Nothing in the listing below should be skipped, so transcribe it all exactly.
(Material shown)
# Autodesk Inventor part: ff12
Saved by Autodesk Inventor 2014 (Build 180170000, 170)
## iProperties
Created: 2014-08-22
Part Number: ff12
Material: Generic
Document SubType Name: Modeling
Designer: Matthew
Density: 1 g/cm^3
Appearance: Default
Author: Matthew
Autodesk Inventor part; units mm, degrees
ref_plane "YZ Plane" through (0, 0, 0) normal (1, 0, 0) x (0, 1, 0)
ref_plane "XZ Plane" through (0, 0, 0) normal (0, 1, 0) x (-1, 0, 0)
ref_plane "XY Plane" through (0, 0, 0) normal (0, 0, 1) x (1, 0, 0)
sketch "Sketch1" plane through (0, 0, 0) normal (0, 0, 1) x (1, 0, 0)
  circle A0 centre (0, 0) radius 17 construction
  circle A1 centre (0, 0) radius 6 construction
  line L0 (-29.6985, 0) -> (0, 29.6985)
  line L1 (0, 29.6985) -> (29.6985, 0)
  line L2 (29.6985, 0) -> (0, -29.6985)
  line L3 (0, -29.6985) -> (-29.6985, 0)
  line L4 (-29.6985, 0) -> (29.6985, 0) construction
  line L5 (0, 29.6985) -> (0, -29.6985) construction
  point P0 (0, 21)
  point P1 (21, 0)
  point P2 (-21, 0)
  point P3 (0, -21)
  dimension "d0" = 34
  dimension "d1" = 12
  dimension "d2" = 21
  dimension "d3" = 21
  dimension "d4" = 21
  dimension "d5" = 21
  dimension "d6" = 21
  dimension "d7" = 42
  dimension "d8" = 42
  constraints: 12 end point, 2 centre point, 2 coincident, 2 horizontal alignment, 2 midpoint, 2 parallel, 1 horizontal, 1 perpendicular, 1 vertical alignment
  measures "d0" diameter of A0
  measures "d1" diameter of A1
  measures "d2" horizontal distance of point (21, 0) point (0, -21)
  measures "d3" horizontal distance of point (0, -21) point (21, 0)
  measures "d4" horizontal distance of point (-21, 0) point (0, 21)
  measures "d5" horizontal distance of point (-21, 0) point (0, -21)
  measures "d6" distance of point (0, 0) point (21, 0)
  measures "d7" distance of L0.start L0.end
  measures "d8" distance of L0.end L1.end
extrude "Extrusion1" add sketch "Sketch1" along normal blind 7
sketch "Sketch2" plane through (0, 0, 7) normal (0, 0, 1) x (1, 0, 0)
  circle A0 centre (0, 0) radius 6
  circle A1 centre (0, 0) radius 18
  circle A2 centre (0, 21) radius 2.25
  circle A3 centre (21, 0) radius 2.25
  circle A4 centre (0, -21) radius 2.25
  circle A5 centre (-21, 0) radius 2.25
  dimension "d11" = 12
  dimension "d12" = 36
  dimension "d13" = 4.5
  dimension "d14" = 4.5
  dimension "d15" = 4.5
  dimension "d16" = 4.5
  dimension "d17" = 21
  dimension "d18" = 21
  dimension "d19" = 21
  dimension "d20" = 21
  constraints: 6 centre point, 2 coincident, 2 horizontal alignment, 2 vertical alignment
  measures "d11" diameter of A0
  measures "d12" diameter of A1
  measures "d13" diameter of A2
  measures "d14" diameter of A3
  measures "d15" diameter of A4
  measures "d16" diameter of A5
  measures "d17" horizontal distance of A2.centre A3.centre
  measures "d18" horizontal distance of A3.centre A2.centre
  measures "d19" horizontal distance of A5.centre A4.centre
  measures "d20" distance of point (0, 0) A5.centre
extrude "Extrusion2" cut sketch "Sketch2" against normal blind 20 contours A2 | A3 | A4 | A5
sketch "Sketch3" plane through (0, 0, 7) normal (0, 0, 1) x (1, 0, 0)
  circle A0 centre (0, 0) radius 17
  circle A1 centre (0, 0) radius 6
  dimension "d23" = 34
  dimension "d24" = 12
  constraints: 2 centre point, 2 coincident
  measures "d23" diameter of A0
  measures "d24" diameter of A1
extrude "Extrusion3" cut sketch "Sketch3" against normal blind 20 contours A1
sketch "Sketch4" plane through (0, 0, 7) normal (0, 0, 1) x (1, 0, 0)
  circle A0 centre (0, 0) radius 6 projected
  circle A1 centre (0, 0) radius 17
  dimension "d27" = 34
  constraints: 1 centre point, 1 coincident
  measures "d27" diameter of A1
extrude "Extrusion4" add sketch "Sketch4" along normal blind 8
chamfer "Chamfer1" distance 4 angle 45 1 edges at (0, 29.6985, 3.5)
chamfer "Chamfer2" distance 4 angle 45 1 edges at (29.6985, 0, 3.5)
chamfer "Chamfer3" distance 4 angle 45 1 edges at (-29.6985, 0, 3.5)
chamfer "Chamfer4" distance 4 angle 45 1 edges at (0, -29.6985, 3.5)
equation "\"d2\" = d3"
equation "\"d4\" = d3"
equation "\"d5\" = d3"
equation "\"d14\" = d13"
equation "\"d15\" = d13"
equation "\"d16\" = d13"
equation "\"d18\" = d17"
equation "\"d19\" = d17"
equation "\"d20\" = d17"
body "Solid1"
(End Material shown)
* Finished exercise:
# Autodesk Inventor part: ff12
Saved by Autodesk Inventor 2014 (Build 180170000, 170)
## iProperties
Created: 2014-08-22
Part Number: ff12
Material: Generic
Document SubType Name: Modeling
Designer: Matthew
Density: 1 g/cm^3
Appearance: Default
Author: Matthew
Autodesk Inventor part; units mm, degrees
ref_plane "YZ Plane" through (0, 0, 0) normal (1, 0, 0) x (0, 1, 0)
ref_plane "XZ Plane" through (0, 0, 0) normal (0, 1, 0) x (-1, 0, 0)
ref_plane "XY Plane" through (0, 0, 0) normal (0, 0, 1) x (1, 0, 0)
sketch "Sketch1" plane through (0, 0, 0) normal (0, 0, 1) x (1, 0, 0)
  circle A0 centre (0, 0) radius 17 construction
  circle A1 centre (0, 0) radius 6 construction
  line L0 (-29.6985, 0) -> (0, 29.6985)
  line L1 (0, 29.6985) -> (29.6985, 0)
  line L2 (29.6985, 0) -> (0, -29.6985)
  line L3 (0, -29.6985) -> (-29.6985, 0)
  line L4 (-29.6985, 0) -> (29.6985, 0) construction
  line L5 (0, 29.6985) -> (0, -29.6985) construction
  point P0 (0, 21)
  point P1 (21, 0)
  point P2 (-21, 0)
  point P3 (0, -21)
  dimension "d0" = 34
  dimension "d1" = 12
  dimension "d2" = 21
  dimension "d3" = 21
  dimension "d4" = 21
  dimension "d5" = 21
  dimension "d6" = 21
  dimension "d7" = 42
  dimension "d8" = 42
  constraints: 12 end point, 2 centre point, 2 coincident, 2 horizontal alignment, 2 midpoint, 2 parallel, 1 horizontal, 1 perpendicular, 1 vertical alignment
  measures "d0" diameter of A0
  measures "d1" diameter of A1
  measures "d2" horizontal distance of point (21, 0) point (0, -21)
  measures "d3" horizontal distance of point (0, -21) point (21, 0)
  measures "d4" horizontal distance of point (-21, 0) point (0, 21)
  measures "d5" horizontal distance of point (-21, 0) point (0, -21)
  measures "d6" distance of point (0, 0) point (21, 0)
  measures "d7" distance of L0.start L0.end
  measures "d8" distance of L0.end L1.end
extrude "Extrusion1" add sketch "Sketch1" along normal blind 7
sketch "Sketch2" plane through (0, 0, 7) normal (0, 0, 1) x (1, 0, 0)
  circle A0 centre (0, 0) radius 6
  circle A1 centre (0, 0) radius 18
  circle A2 centre (0, 21) radius 2.25
  circle A3 centre (21, 0) radius 2.25
  circle A4 centre (0, -21) radius 2.25
  circle A5 centre (-21, 0) radius 2.25
  dimension "d11" = 12
  dimension "d12" = 36
  dimension "d13" = 4.5
  dimension "d14" = 4.5
  dimension "d15" = 4.5
  dimension "d16" = 4.5
  dimension "d17" = 21
  dimension "d18" = 21
  dimension "d19" = 21
  dimension "d20" = 21
  constraints: 6 centre point, 2 coincident, 2 horizontal alignment, 2 vertical alignment
  measures "d11" diameter of A0
  measures "d12" diameter of A1
  measures "d13" diameter of A2
  measures "d14" diameter of A3
  measures "d15" diameter of A4
  measures "d16" diameter of A5
  measures "d17" horizontal distance of A2.centre A3.centre
  measures "d18" horizontal distance of A3.centre A2.centre
  measures "d19" horizontal distance of A5.centre A4.centre
  measures "d20" distance of point (0, 0) A5.centre
extrude "Extrusion2" cut sketch "Sketch2" against normal blind 20 contours A2 | A3 | A4 | A5
sketch "Sketch3" plane through (0, 0, 7) normal (0, 0, 1) x (1, 0, 0)
  circle A0 centre (0, 0) radius 17
  circle A1 centre (0, 0) radius 6
  dimension "d23" = 34
  dimension "d24" = 12
  constraints: 2 centre point, 2 coincident
  measures "d23" diameter of A0
  measures "d24" diameter of A1
extrude "Extrusion3" cut sketch "Sketch3" against normal blind 20 contours A1
sketch "Sketch4" plane through (0, 0, 7) normal (0, 0, 1) x (1, 0, 0)
  circle A0 centre (0, 0) radius 6 projected
  circle A1 centre (0, 0) radius 17
  dimension "d27" = 34
  constraints: 1 centre point, 1 coincident
  measures "d27" diameter of A1
extrude "Extrusion4" add sketch "Sketch4" along normal blind 8
chamfer "Chamfer1" distance 4 angle 45 1 edges at (0, 29.6985, 3.5)
chamfer "Chamfer2" distance 4 angle 45 1 edges at (29.6985, 0, 3.5)
chamfer "Chamfer3" distance 4 angle 45 1 edges at (-29.6985, 0, 3.5)
chamfer "Chamfer4" distance 4 angle 45 1 edges at (0, -29.6985, 3.5)
equation "\"d2\" = d3"
equation "\"d4\" = d3"
equation "\"d5\" = d3"
equation "\"d14\" = d13"
equation "\"d15\" = d13"
equation "\"d16\" = d13"
equation "\"d18\" = d17"
equation "\"d19\" = d17"
equation "\"d20\" = d17"
body "Solid1"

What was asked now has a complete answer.